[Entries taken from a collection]
▶

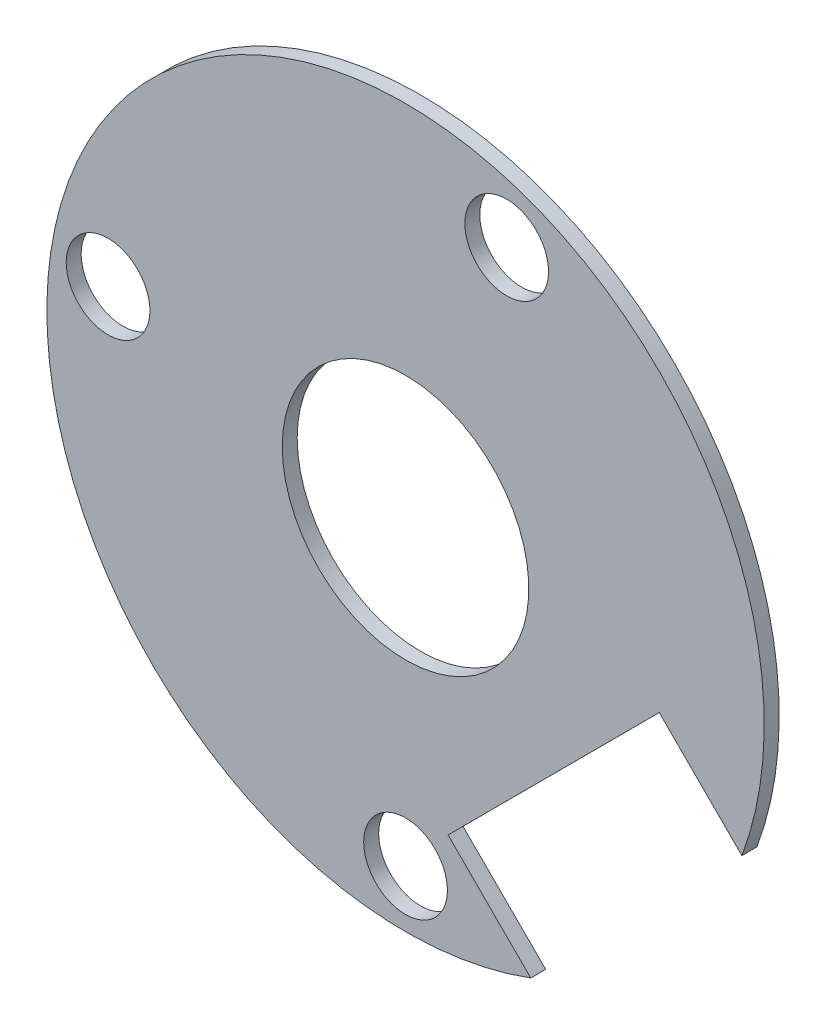
ISO-10303-21;
HEADER;
FILE_DESCRIPTION(('STEP AP214'),'2;1');
FILE_NAME('part.step','',(''),(''),'','','');
FILE_SCHEMA(('AUTOMOTIVE_DESIGN { 1 0 10303 214 1 1 1 1 }'));
ENDSEC;
DATA;
#1=APPLICATION_CONTEXT('core data for automotive mechanical design processes');
#2=APPLICATION_PROTOCOL_DEFINITION('international standard','automotive_design',2000,#1);
#3=PRODUCT_CONTEXT('',#1,'mechanical');
#4=PRODUCT('Part','Part','',(#3));
#5=PRODUCT_RELATED_PRODUCT_CATEGORY('part','',(#4));
#6=PRODUCT_DEFINITION_FORMATION('','',#4);
#7=PRODUCT_DEFINITION_CONTEXT('part definition',#1,'design');
#8=PRODUCT_DEFINITION('design','',#6,#7);
#9=PRODUCT_DEFINITION_SHAPE('','',#8);
#10=(LENGTH_UNIT() NAMED_UNIT(*) SI_UNIT(.MILLI.,.METRE.));
#11=(NAMED_UNIT(*) PLANE_ANGLE_UNIT() SI_UNIT($,.RADIAN.));
#12=(NAMED_UNIT(*) SI_UNIT($,.STERADIAN.) SOLID_ANGLE_UNIT());
#13=UNCERTAINTY_MEASURE_WITH_UNIT(LENGTH_MEASURE(1.E-05),#10,'distance_accuracy_value','');
#14=(GEOMETRIC_REPRESENTATION_CONTEXT(3) GLOBAL_UNCERTAINTY_ASSIGNED_CONTEXT((#13)) GLOBAL_UNIT_ASSIGNED_CONTEXT((#10,
#11,#12)) REPRESENTATION_CONTEXT('',''));
#15=CARTESIAN_POINT('',(0.,0.,0.));
#16=DIRECTION('',(0.,0.,1.));
#17=DIRECTION('',(1.,0.,0.));
#18=AXIS2_PLACEMENT_3D('',#15,#16,#17);
#19=CARTESIAN_POINT('',(0.,0.,76.));
#20=DIRECTION('',(0.,0.,1.));
#21=DIRECTION('',(0.,-1.,0.));
#22=AXIS2_PLACEMENT_3D('',#19,#20,#21);
#23=CYLINDRICAL_SURFACE('',#22,24.);
#24=DIRECTION('',(0.,0.,1.));
#25=VECTOR('',#24,1.);
#26=CARTESIAN_POINT('',(8.37808259667982,-22.4901696748426,76.));
#27=LINE('',#26,#25);
#28=CARTESIAN_POINT('',(8.37808259667982,-22.4901696748426,-108.));
#29=VERTEX_POINT('',#28);
#30=CARTESIAN_POINT('',(8.37808259667982,-22.4901696748426,-107.));
#31=VERTEX_POINT('',#30);
#32=EDGE_CURVE('E56',#29,#31,#27,.T.);
#33=ORIENTED_EDGE('',*,*,#32,.T.);
#34=CARTESIAN_POINT('',(0.,0.,-107.));
#35=DIRECTION('',(0.,0.,-1.));
#36=DIRECTION('',(-1.,0.,0.));
#37=AXIS2_PLACEMENT_3D('',#34,#35,#36);
#38=CIRCLE('',#37,24.);
#39=CARTESIAN_POINT('',(22.5064418611777,-8.33427109886813,-107.));
#40=VERTEX_POINT('',#39);
#41=EDGE_CURVE('E88',#31,#40,#38,.T.);
#42=ORIENTED_EDGE('',*,*,#41,.T.);
#43=DIRECTION('',(0.,0.,1.));
#44=VECTOR('',#43,1.);
#45=CARTESIAN_POINT('',(22.5064418611777,-8.33427109886813,76.));
#46=LINE('',#45,#44);
#47=CARTESIAN_POINT('',(22.5064418611777,-8.33427109886813,-108.));
#48=VERTEX_POINT('',#47);
#49=EDGE_CURVE('E87',#40,#48,#46,.F.);
#50=ORIENTED_EDGE('',*,*,#49,.T.);
#51=CARTESIAN_POINT('',(0.,0.,-108.));
#52=DIRECTION('',(0.,0.,1.));
#53=DIRECTION('',(0.,-1.,0.));
#54=AXIS2_PLACEMENT_3D('',#51,#52,#53);
#55=CIRCLE('',#54,24.);
#56=EDGE_CURVE('E41',#48,#29,#55,.T.);
#57=ORIENTED_EDGE('',*,*,#56,.T.);
#58=EDGE_LOOP('',(#33,#42,#50,#57));
#59=FACE_BOUND('',#58,.T.);
#60=ADVANCED_FACE('F33',(#59),#23,.T.);
#61=CARTESIAN_POINT('',(0.,24.,-108.));
#62=DIRECTION('',(0.,0.,1.));
#63=DIRECTION('',(0.,-1.,0.));
#64=AXIS2_PLACEMENT_3D('',#61,#62,#63);
#65=PLANE('',#64);
#66=CARTESIAN_POINT('',(0.,0.,-108.));
#67=DIRECTION('',(0.,0.,1.));
#68=DIRECTION('',(0.,-1.,0.));
#69=AXIS2_PLACEMENT_3D('',#66,#67,#68);
#70=CIRCLE('',#69,8.25000000000001);
#71=CARTESIAN_POINT('',(0.,-8.25,-108.));
#72=VERTEX_POINT('',#71);
#73=EDGE_CURVE('E113',#72,#72,#70,.T.);
#74=ORIENTED_EDGE('',*,*,#73,.T.);
#75=EDGE_LOOP('',(#74));
#76=FACE_BOUND('',#75,.T.);
#77=CARTESIAN_POINT('',(6.76785942282004,19.0325005932732,-108.));
#78=DIRECTION('',(0.,0.,1.));
#79=DIRECTION('',(1.,0.,0.));
#80=AXIS2_PLACEMENT_3D('',#77,#78,#79);
#81=CIRCLE('',#80,2.80000000000006);
#82=CARTESIAN_POINT('',(3.96785942281998,19.0325005932732,-108.));
#83=VERTEX_POINT('',#82);
#84=EDGE_CURVE('E104',#83,#83,#81,.T.);
#85=ORIENTED_EDGE('',*,*,#84,.T.);
#86=EDGE_LOOP('',(#85));
#87=FACE_BOUND('',#86,.T.);
#88=CARTESIAN_POINT('',(-19.9059854313234,3.43391089108909,-108.));
#89=DIRECTION('',(0.,0.,1.));
#90=DIRECTION('',(1.,0.,0.));
#91=AXIS2_PLACEMENT_3D('',#88,#89,#90);
#92=CIRCLE('',#91,2.80000000000001);
#93=CARTESIAN_POINT('',(-22.7059854313234,3.43391089108909,-108.));
#94=VERTEX_POINT('',#93);
#95=EDGE_CURVE('E107',#94,#94,#92,.T.);
#96=ORIENTED_EDGE('',*,*,#95,.T.);
#97=EDGE_LOOP('',(#96));
#98=FACE_BOUND('',#97,.T.);
#99=CARTESIAN_POINT('',(0.,-20.2,-108.));
#100=DIRECTION('',(0.,0.,1.));
#101=DIRECTION('',(1.,0.,0.));
#102=AXIS2_PLACEMENT_3D('',#99,#100,#101);
#103=CIRCLE('',#102,2.8);
#104=CARTESIAN_POINT('',(-2.8,-20.2,-108.));
#105=VERTEX_POINT('',#104);
#106=EDGE_CURVE('E103',#105,#105,#103,.T.);
#107=ORIENTED_EDGE('',*,*,#106,.T.);
#108=EDGE_LOOP('',(#107));
#109=FACE_BOUND('',#108,.T.);
#110=ORIENTED_EDGE('',*,*,#56,.F.);
#111=DIRECTION('',(0.707794928798725,-0.706417963224895,0.));
#112=VECTOR('',#111,1.);
#113=CARTESIAN_POINT('',(22.5064418611777,-8.33427109886812,-108.));
#114=LINE('',#113,#112);
#115=CARTESIAN_POINT('',(16.9733086354311,-2.81190219716126,-108.));
#116=VERTEX_POINT('',#115);
#117=EDGE_CURVE('E97',#116,#48,#114,.T.);
#118=ORIENTED_EDGE('',*,*,#117,.F.);
#119=DIRECTION('',(0.706417963224894,0.707794928798725,0.));
#120=VECTOR('',#119,1.);
#121=CARTESIAN_POINT('',(16.9733086354311,-2.81190219716126,-108.));
#122=LINE('',#121,#120);
#123=CARTESIAN_POINT('',(2.84494937093321,-16.9678007731358,-108.));
#124=VERTEX_POINT('',#123);
#125=EDGE_CURVE('E92',#124,#116,#122,.T.);
#126=ORIENTED_EDGE('',*,*,#125,.F.);
#127=DIRECTION('',(0.707794928798726,-0.706417963224893,0.));
#128=VECTOR('',#127,1.);
#129=CARTESIAN_POINT('',(-19.0641568798386,4.8986828424161,-108.));
#130=LINE('',#129,#128);
#131=EDGE_CURVE('E11',#124,#29,#130,.T.);
#132=ORIENTED_EDGE('',*,*,#131,.T.);
#133=EDGE_LOOP('',(#110,#118,#126,#132));
#134=FACE_BOUND('',#133,.T.);
#135=ADVANCED_FACE('F134',(#76,#87,#98,#109,#134),#65,.F.);
#136=CARTESIAN_POINT('',(0.,-20.2,-104.75));
#137=DIRECTION('',(0.,0.,-1.));
#138=DIRECTION('',(-1.,0.,0.));
#139=AXIS2_PLACEMENT_3D('',#136,#137,#138);
#140=CYLINDRICAL_SURFACE('',#139,2.8);
#141=CARTESIAN_POINT('',(0.,-20.2,-107.));
#142=DIRECTION('',(0.,0.,-1.));
#143=DIRECTION('',(-1.,0.,0.));
#144=AXIS2_PLACEMENT_3D('',#141,#142,#143);
#145=CIRCLE('',#144,2.8);
#146=CARTESIAN_POINT('',(-2.8,-20.2,-107.));
#147=VERTEX_POINT('',#146);
#148=EDGE_CURVE('E115',#147,#147,#145,.T.);
#149=CARTESIAN_POINT('',(-2.8,-20.2,-107.));
#150=CARTESIAN_POINT('',(-2.8,-20.2,-107.010416666667));
#151=CARTESIAN_POINT('',(-2.8,-20.2,-107.020833333333));
#152=CARTESIAN_POINT('',(-2.8,-20.2,-107.041666666667));
#153=CARTESIAN_POINT('',(-2.8,-20.2,-107.052083333333));
#154=CARTESIAN_POINT('',(-2.8,-20.2,-107.072916666667));
#155=CARTESIAN_POINT('',(-2.8,-20.2,-107.083333333333));
#156=CARTESIAN_POINT('',(-2.8,-20.2,-107.104166666667));
#157=CARTESIAN_POINT('',(-2.8,-20.2,-107.114583333333));
#158=CARTESIAN_POINT('',(-2.8,-20.2,-107.135416666667));
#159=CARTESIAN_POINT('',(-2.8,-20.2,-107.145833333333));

◀

Goal of the exercise - Taking the line with "#116=VERTEX_POINT('',#115);" as the first and the line with "#128=VECTOR('',#127,1.);" as the last, retype that stretch of the data above exactly, with no other lines.

Answer box -
#116=VERTEX_POINT('',#115);
#117=EDGE_CURVE('E97',#116,#48,#114,.T.);
#118=ORIENTED_EDGE('',*,*,#117,.F.);
#119=DIRECTION('',(0.706417963224894,0.707794928798725,0.));
#120=VECTOR('',#119,1.);
#121=CARTESIAN_POINT('',(16.9733086354311,-2.81190219716126,-108.));
#122=LINE('',#121,#120);
#123=CARTESIAN_POINT('',(2.84494937093321,-16.9678007731358,-108.));
#124=VERTEX_POINT('',#123);
#125=EDGE_CURVE('E92',#124,#116,#122,.T.);
#126=ORIENTED_EDGE('',*,*,#125,.F.);
#127=DIRECTION('',(0.707794928798726,-0.706417963224893,0.));
#128=VECTOR('',#127,1.);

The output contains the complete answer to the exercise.